(Beginning of Listed records)
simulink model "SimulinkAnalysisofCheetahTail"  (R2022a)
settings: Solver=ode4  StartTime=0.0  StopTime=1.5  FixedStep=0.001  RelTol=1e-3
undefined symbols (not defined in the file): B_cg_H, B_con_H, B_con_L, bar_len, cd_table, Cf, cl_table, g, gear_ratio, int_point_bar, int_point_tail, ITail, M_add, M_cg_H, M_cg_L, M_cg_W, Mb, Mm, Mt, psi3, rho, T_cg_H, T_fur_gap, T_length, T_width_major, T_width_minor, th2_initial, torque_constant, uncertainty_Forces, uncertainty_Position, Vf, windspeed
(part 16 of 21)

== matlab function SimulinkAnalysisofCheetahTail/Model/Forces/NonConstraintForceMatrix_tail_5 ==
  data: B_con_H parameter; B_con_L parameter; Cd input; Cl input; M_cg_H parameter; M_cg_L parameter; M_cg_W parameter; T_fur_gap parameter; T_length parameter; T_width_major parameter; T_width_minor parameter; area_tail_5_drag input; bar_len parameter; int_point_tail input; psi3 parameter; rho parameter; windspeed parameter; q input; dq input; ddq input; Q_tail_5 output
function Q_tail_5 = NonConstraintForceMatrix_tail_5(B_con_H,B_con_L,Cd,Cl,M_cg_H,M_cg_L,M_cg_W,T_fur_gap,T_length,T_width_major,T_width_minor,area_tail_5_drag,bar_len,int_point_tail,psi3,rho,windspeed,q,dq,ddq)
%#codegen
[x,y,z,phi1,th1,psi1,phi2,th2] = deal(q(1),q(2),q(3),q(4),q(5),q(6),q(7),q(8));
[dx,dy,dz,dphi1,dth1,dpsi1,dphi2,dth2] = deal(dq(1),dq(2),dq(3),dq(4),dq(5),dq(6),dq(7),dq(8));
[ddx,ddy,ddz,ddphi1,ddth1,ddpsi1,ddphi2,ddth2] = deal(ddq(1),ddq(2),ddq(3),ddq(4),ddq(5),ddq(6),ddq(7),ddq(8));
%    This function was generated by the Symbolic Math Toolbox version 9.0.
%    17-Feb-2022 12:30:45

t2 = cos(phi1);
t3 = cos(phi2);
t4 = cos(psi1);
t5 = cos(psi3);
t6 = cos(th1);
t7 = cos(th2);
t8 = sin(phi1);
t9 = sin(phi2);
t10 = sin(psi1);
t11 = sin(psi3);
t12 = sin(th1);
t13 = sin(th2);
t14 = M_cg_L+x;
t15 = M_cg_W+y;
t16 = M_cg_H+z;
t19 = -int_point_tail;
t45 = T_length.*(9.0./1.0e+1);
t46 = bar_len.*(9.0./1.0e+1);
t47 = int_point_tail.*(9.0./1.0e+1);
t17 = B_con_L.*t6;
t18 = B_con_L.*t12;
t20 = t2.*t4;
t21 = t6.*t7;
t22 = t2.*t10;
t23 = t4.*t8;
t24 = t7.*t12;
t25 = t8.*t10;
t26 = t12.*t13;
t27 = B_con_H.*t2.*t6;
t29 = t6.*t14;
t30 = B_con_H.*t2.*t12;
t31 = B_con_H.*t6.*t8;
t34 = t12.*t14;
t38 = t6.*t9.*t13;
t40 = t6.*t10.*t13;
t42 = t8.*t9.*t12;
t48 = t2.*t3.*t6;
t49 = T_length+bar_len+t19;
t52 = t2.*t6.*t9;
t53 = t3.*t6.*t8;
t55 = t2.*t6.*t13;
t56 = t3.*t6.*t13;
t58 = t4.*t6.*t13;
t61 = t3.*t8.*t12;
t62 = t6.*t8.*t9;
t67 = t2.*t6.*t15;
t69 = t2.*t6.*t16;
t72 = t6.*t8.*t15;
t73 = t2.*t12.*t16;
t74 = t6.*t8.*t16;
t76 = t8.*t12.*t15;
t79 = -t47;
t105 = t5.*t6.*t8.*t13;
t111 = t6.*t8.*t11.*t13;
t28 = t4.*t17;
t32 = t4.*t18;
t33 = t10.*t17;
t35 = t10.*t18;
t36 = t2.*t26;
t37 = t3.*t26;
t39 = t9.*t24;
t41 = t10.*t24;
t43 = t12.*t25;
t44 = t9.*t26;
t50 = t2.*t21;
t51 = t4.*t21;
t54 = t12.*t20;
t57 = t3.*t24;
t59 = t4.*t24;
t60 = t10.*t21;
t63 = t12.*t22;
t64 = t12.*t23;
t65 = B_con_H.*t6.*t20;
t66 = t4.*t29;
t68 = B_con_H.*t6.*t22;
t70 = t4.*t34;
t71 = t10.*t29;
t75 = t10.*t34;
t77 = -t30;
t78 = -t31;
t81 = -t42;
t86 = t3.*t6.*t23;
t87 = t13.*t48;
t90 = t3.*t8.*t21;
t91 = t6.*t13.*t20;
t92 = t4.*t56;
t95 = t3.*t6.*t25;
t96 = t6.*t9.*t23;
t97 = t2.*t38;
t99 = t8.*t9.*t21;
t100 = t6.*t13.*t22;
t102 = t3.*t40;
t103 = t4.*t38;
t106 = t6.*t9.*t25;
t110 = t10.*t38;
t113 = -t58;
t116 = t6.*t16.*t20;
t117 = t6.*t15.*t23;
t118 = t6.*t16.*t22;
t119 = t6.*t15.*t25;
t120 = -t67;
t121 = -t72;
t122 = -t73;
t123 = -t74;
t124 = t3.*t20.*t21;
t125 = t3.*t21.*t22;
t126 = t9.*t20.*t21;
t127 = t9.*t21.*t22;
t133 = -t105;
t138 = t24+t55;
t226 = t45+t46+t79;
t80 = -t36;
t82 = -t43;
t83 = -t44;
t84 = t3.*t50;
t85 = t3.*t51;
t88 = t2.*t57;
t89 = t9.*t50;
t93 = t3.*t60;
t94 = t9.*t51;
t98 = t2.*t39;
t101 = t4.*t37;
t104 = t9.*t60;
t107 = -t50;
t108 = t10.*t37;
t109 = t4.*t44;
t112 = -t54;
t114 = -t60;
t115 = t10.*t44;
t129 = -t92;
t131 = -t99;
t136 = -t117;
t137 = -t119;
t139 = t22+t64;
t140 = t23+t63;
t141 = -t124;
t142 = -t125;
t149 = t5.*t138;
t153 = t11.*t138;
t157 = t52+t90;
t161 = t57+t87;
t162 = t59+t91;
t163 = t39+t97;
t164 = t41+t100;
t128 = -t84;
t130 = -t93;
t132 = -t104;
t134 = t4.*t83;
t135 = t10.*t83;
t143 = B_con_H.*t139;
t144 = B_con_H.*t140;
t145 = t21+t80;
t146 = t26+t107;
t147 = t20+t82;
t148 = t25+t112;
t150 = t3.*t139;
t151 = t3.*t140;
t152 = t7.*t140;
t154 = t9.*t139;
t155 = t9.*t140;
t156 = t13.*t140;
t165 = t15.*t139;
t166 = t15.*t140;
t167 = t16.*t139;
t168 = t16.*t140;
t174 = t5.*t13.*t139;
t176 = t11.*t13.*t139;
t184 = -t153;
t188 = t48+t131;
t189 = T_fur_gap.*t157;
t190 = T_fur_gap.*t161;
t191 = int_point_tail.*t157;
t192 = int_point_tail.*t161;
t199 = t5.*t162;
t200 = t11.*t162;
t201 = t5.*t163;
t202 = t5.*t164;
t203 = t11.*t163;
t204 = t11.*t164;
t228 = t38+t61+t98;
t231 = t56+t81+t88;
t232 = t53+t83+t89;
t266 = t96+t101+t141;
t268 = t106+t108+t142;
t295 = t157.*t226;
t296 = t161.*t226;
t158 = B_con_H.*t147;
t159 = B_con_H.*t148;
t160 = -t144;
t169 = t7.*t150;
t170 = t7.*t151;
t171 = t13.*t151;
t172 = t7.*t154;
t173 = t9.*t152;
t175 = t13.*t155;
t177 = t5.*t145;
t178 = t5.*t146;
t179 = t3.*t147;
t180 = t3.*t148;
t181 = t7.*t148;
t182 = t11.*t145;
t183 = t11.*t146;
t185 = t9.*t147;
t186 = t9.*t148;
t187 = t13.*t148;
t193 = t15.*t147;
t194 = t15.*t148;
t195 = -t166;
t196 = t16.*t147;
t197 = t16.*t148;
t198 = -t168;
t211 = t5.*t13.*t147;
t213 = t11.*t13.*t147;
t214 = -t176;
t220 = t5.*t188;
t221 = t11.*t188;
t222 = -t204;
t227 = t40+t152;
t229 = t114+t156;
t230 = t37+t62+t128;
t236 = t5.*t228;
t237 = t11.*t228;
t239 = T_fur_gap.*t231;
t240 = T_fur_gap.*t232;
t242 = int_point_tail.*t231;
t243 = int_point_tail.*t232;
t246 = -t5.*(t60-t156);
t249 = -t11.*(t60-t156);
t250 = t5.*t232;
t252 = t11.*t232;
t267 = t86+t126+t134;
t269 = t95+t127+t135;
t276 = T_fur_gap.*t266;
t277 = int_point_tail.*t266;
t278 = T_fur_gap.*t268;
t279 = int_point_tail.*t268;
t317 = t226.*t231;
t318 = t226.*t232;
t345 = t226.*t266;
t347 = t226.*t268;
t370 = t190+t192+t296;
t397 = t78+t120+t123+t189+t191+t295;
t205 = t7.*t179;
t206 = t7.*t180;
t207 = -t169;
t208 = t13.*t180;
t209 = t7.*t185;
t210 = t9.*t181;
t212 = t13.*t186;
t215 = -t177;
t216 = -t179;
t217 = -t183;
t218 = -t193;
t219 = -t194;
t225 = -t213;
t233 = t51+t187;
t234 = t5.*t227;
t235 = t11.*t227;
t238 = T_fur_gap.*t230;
(End of Listed records)
[Goal of the exercise] Identify the lines above with the word "SimulinkAnalysisofCheetahTail". Copy them.

[Response area]
simulink model "SimulinkAnalysisofCheetahTail"  (R2022a)
== matlab function SimulinkAnalysisofCheetahTail/Model/Forces/NonConstraintForceMatrix_tail_5 ==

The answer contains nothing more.